__RECORDS SHOWN__:

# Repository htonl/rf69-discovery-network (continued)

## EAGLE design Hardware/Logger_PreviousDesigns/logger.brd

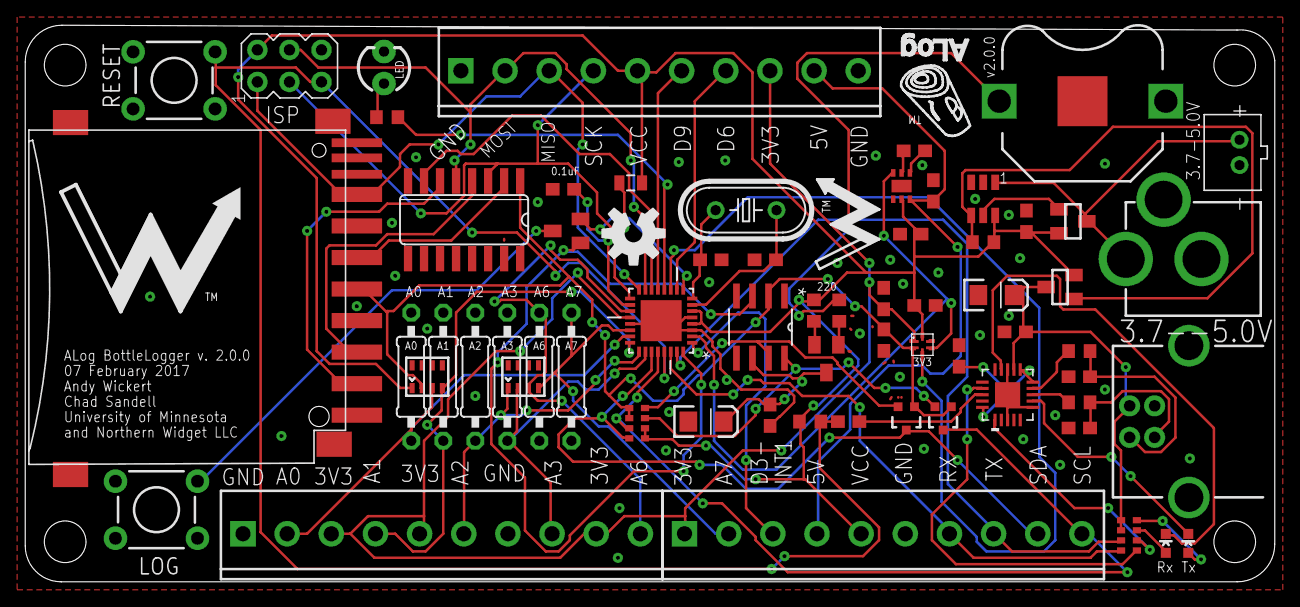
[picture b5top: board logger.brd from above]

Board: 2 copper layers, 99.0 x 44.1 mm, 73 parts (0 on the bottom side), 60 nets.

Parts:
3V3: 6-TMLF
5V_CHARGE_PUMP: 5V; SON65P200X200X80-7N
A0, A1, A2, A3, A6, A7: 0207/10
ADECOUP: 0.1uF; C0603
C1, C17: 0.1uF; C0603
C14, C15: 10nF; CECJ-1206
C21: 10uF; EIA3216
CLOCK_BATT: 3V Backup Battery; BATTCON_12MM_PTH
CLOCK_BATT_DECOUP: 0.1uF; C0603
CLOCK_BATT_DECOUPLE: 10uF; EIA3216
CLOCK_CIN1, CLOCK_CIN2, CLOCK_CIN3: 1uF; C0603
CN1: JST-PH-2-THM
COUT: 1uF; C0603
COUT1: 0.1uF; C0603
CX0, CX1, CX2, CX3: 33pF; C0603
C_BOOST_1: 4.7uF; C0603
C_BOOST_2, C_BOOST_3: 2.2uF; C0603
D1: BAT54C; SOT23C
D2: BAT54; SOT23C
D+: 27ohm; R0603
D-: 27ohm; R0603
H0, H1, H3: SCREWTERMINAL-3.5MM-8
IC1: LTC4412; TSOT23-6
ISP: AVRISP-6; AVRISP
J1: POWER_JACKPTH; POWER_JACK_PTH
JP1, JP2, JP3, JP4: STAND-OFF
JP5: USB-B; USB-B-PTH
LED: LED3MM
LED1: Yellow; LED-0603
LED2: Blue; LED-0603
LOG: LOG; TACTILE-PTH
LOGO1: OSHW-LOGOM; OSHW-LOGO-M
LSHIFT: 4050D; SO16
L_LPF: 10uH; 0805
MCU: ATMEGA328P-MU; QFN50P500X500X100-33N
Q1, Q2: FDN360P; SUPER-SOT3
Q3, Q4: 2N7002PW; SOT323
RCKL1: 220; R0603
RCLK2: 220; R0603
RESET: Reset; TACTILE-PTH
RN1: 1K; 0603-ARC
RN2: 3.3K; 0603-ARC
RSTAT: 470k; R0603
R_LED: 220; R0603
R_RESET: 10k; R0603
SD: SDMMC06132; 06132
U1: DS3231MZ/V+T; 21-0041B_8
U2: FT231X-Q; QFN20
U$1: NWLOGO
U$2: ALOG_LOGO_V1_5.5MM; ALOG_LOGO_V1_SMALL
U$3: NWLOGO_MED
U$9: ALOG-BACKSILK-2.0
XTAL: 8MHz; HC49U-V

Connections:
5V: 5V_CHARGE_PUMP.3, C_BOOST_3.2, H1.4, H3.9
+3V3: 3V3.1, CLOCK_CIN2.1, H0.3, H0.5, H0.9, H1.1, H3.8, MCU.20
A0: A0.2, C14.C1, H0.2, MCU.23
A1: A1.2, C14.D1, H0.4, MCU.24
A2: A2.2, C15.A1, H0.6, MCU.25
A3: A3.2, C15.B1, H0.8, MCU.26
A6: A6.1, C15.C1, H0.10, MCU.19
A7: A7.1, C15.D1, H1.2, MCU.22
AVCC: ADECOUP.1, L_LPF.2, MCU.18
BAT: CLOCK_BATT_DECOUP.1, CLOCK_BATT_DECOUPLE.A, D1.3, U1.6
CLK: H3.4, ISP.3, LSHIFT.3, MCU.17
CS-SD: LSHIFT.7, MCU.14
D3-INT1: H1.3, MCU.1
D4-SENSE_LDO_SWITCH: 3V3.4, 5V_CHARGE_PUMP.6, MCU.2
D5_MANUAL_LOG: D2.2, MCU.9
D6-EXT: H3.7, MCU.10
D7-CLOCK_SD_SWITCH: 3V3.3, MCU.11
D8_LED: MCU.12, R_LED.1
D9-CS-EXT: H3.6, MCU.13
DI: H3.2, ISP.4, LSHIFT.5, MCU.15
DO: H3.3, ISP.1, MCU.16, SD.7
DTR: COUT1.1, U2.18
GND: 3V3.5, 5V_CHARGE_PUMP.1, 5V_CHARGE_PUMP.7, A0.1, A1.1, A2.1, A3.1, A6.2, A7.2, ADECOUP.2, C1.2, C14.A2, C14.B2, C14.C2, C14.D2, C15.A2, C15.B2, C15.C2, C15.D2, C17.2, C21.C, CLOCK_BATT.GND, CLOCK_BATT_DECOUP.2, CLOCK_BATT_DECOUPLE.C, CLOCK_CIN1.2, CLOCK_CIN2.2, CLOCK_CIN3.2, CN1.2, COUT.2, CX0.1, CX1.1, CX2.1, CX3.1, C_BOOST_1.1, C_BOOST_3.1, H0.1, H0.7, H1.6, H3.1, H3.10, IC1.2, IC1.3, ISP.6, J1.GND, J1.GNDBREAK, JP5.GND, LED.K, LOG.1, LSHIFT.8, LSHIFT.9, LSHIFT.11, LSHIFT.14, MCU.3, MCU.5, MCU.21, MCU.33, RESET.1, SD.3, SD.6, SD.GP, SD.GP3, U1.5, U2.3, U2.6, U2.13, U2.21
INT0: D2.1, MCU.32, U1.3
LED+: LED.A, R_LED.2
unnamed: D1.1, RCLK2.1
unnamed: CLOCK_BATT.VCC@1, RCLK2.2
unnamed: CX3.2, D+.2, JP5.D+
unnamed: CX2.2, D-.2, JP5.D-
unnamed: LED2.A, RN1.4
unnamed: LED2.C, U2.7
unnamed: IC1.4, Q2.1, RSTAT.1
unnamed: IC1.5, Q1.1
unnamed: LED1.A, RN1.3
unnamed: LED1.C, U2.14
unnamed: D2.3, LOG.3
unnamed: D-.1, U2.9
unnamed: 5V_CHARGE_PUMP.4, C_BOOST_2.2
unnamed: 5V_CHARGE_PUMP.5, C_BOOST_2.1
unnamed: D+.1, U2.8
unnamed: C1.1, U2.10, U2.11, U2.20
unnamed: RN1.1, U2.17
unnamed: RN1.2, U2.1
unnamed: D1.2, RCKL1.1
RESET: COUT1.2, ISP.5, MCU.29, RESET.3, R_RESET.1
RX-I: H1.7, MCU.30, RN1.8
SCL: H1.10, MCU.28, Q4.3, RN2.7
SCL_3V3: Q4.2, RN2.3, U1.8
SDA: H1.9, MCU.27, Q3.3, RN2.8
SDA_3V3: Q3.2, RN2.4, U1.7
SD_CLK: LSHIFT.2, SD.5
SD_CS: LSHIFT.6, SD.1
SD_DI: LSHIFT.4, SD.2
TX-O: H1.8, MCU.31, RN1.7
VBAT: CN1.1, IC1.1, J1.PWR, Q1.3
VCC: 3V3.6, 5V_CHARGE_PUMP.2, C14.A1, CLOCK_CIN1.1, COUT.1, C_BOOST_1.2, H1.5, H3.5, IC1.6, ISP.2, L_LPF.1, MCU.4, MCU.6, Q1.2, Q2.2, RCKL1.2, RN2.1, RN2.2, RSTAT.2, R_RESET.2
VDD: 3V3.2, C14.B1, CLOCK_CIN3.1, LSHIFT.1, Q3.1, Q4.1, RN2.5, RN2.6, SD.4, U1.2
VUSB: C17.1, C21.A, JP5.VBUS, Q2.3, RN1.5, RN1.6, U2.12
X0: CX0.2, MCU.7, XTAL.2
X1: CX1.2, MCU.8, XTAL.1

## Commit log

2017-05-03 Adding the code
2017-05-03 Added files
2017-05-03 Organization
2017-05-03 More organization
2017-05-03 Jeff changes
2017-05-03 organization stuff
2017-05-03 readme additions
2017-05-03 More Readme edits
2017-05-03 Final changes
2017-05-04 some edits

__TASK INSTRUCTIONS__:
Starting with the top line, write out all the data above exactly; keep the pictures out.

__PROBLEM SOLUTION__:
# Repository htonl/rf69-discovery-network (continued)

## EAGLE design Hardware/Logger_PreviousDesigns/logger.brd

[picture b5top: board logger.brd from above]

Board: 2 copper layers, 99.0 x 44.1 mm, 73 parts (0 on the bottom side), 60 nets.

Parts:
3V3: 6-TMLF
5V_CHARGE_PUMP: 5V; SON65P200X200X80-7N
A0, A1, A2, A3, A6, A7: 0207/10
ADECOUP: 0.1uF; C0603
C1, C17: 0.1uF; C0603
C14, C15: 10nF; CECJ-1206
C21: 10uF; EIA3216
CLOCK_BATT: 3V Backup Battery; BATTCON_12MM_PTH
CLOCK_BATT_DECOUP: 0.1uF; C0603
CLOCK_BATT_DECOUPLE: 10uF; EIA3216
CLOCK_CIN1, CLOCK_CIN2, CLOCK_CIN3: 1uF; C0603
CN1: JST-PH-2-THM
COUT: 1uF; C0603
COUT1: 0.1uF; C0603
CX0, CX1, CX2, CX3: 33pF; C0603
C_BOOST_1: 4.7uF; C0603
C_BOOST_2, C_BOOST_3: 2.2uF; C0603
D1: BAT54C; SOT23C
D2: BAT54; SOT23C
D+: 27ohm; R0603
D-: 27ohm; R0603
H0, H1, H3: SCREWTERMINAL-3.5MM-8
IC1: LTC4412; TSOT23-6
ISP: AVRISP-6; AVRISP
J1: POWER_JACKPTH; POWER_JACK_PTH
JP1, JP2, JP3, JP4: STAND-OFF
JP5: USB-B; USB-B-PTH
LED: LED3MM
LED1: Yellow; LED-0603
LED2: Blue; LED-0603
LOG: LOG; TACTILE-PTH
LOGO1: OSHW-LOGOM; OSHW-LOGO-M
LSHIFT: 4050D; SO16
L_LPF: 10uH; 0805
MCU: ATMEGA328P-MU; QFN50P500X500X100-33N
Q1, Q2: FDN360P; SUPER-SOT3
Q3, Q4: 2N7002PW; SOT323
RCKL1: 220; R0603
RCLK2: 220; R0603
RESET: Reset; TACTILE-PTH
RN1: 1K; 0603-ARC
RN2: 3.3K; 0603-ARC
RSTAT: 470k; R0603
R_LED: 220; R0603
R_RESET: 10k; R0603
SD: SDMMC06132; 06132
U1: DS3231MZ/V+T; 21-0041B_8
U2: FT231X-Q; QFN20
U$1: NWLOGO
U$2: ALOG_LOGO_V1_5.5MM; ALOG_LOGO_V1_SMALL
U$3: NWLOGO_MED
U$9: ALOG-BACKSILK-2.0
XTAL: 8MHz; HC49U-V

Connections:
5V: 5V_CHARGE_PUMP.3, C_BOOST_3.2, H1.4, H3.9
+3V3: 3V3.1, CLOCK_CIN2.1, H0.3, H0.5, H0.9, H1.1, H3.8, MCU.20
A0: A0.2, C14.C1, H0.2, MCU.23
A1: A1.2, C14.D1, H0.4, MCU.24
A2: A2.2, C15.A1, H0.6, MCU.25
A3: A3.2, C15.B1, H0.8, MCU.26
A6: A6.1, C15.C1, H0.10, MCU.19
A7: A7.1, C15.D1, H1.2, MCU.22
AVCC: ADECOUP.1, L_LPF.2, MCU.18
BAT: CLOCK_BATT_DECOUP.1, CLOCK_BATT_DECOUPLE.A, D1.3, U1.6
CLK: H3.4, ISP.3, LSHIFT.3, MCU.17
CS-SD: LSHIFT.7, MCU.14
D3-INT1: H1.3, MCU.1
D4-SENSE_LDO_SWITCH: 3V3.4, 5V_CHARGE_PUMP.6, MCU.2
D5_MANUAL_LOG: D2.2, MCU.9
D6-EXT: H3.7, MCU.10
D7-CLOCK_SD_SWITCH: 3V3.3, MCU.11
D8_LED: MCU.12, R_LED.1
D9-CS-EXT: H3.6, MCU.13
DI: H3.2, ISP.4, LSHIFT.5, MCU.15
DO: H3.3, ISP.1, MCU.16, SD.7
DTR: COUT1.1, U2.18
GND: 3V3.5, 5V_CHARGE_PUMP.1, 5V_CHARGE_PUMP.7, A0.1, A1.1, A2.1, A3.1, A6.2, A7.2, ADECOUP.2, C1.2, C14.A2, C14.B2, C14.C2, C14.D2, C15.A2, C15.B2, C15.C2, C15.D2, C17.2, C21.C, CLOCK_BATT.GND, CLOCK_BATT_DECOUP.2, CLOCK_BATT_DECOUPLE.C, CLOCK_CIN1.2, CLOCK_CIN2.2, CLOCK_CIN3.2, CN1.2, COUT.2, CX0.1, CX1.1, CX2.1, CX3.1, C_BOOST_1.1, C_BOOST_3.1, H0.1, H0.7, H1.6, H3.1, H3.10, IC1.2, IC1.3, ISP.6, J1.GND, J1.GNDBREAK, JP5.GND, LED.K, LOG.1, LSHIFT.8, LSHIFT.9, LSHIFT.11, LSHIFT.14, MCU.3, MCU.5, MCU.21, MCU.33, RESET.1, SD.3, SD.6, SD.GP, SD.GP3, U1.5, U2.3, U2.6, U2.13, U2.21
INT0: D2.1, MCU.32, U1.3
LED+: LED.A, R_LED.2
unnamed: D1.1, RCLK2.1
unnamed: CLOCK_BATT.VCC@1, RCLK2.2
unnamed: CX3.2, D+.2, JP5.D+
unnamed: CX2.2, D-.2, JP5.D-
unnamed: LED2.A, RN1.4
unnamed: LED2.C, U2.7
unnamed: IC1.4, Q2.1, RSTAT.1
unnamed: IC1.5, Q1.1
unnamed: LED1.A, RN1.3
unnamed: LED1.C, U2.14
unnamed: D2.3, LOG.3
unnamed: D-.1, U2.9
unnamed: 5V_CHARGE_PUMP.4, C_BOOST_2.2
unnamed: 5V_CHARGE_PUMP.5, C_BOOST_2.1
unnamed: D+.1, U2.8
unnamed: C1.1, U2.10, U2.11, U2.20
unnamed: RN1.1, U2.17
unnamed: RN1.2, U2.1
unnamed: D1.2, RCKL1.1
RESET: COUT1.2, ISP.5, MCU.29, RESET.3, R_RESET.1
RX-I: H1.7, MCU.30, RN1.8
SCL: H1.10, MCU.28, Q4.3, RN2.7
SCL_3V3: Q4.2, RN2.3, U1.8
SDA: H1.9, MCU.27, Q3.3, RN2.8
SDA_3V3: Q3.2, RN2.4, U1.7
SD_CLK: LSHIFT.2, SD.5
SD_CS: LSHIFT.6, SD.1
SD_DI: LSHIFT.4, SD.2
TX-O: H1.8, MCU.31, RN1.7
VBAT: CN1.1, IC1.1, J1.PWR, Q1.3
VCC: 3V3.6, 5V_CHARGE_PUMP.2, C14.A1, CLOCK_CIN1.1, COUT.1, C_BOOST_1.2, H1.5, H3.5, IC1.6, ISP.2, L_LPF.1, MCU.4, MCU.6, Q1.2, Q2.2, RCKL1.2, RN2.1, RN2.2, RSTAT.2, R_RESET.2
VDD: 3V3.2, C14.B1, CLOCK_CIN3.1, LSHIFT.1, Q3.1, Q4.1, RN2.5, RN2.6, SD.4, U1.2
VUSB: C17.1, C21.A, JP5.VBUS, Q2.3, RN1.5, RN1.6, U2.12
X0: CX0.2, MCU.7, XTAL.2
X1: CX1.2, MCU.8, XTAL.1

## Commit log

2017-05-03 Adding the code
2017-05-03 Added files
2017-05-03 Organization
2017-05-03 More organization
2017-05-03 Jeff changes
2017-05-03 organization stuff
2017-05-03 readme additions
2017-05-03 More Readme edits
2017-05-03 Final changes
2017-05-04 some edits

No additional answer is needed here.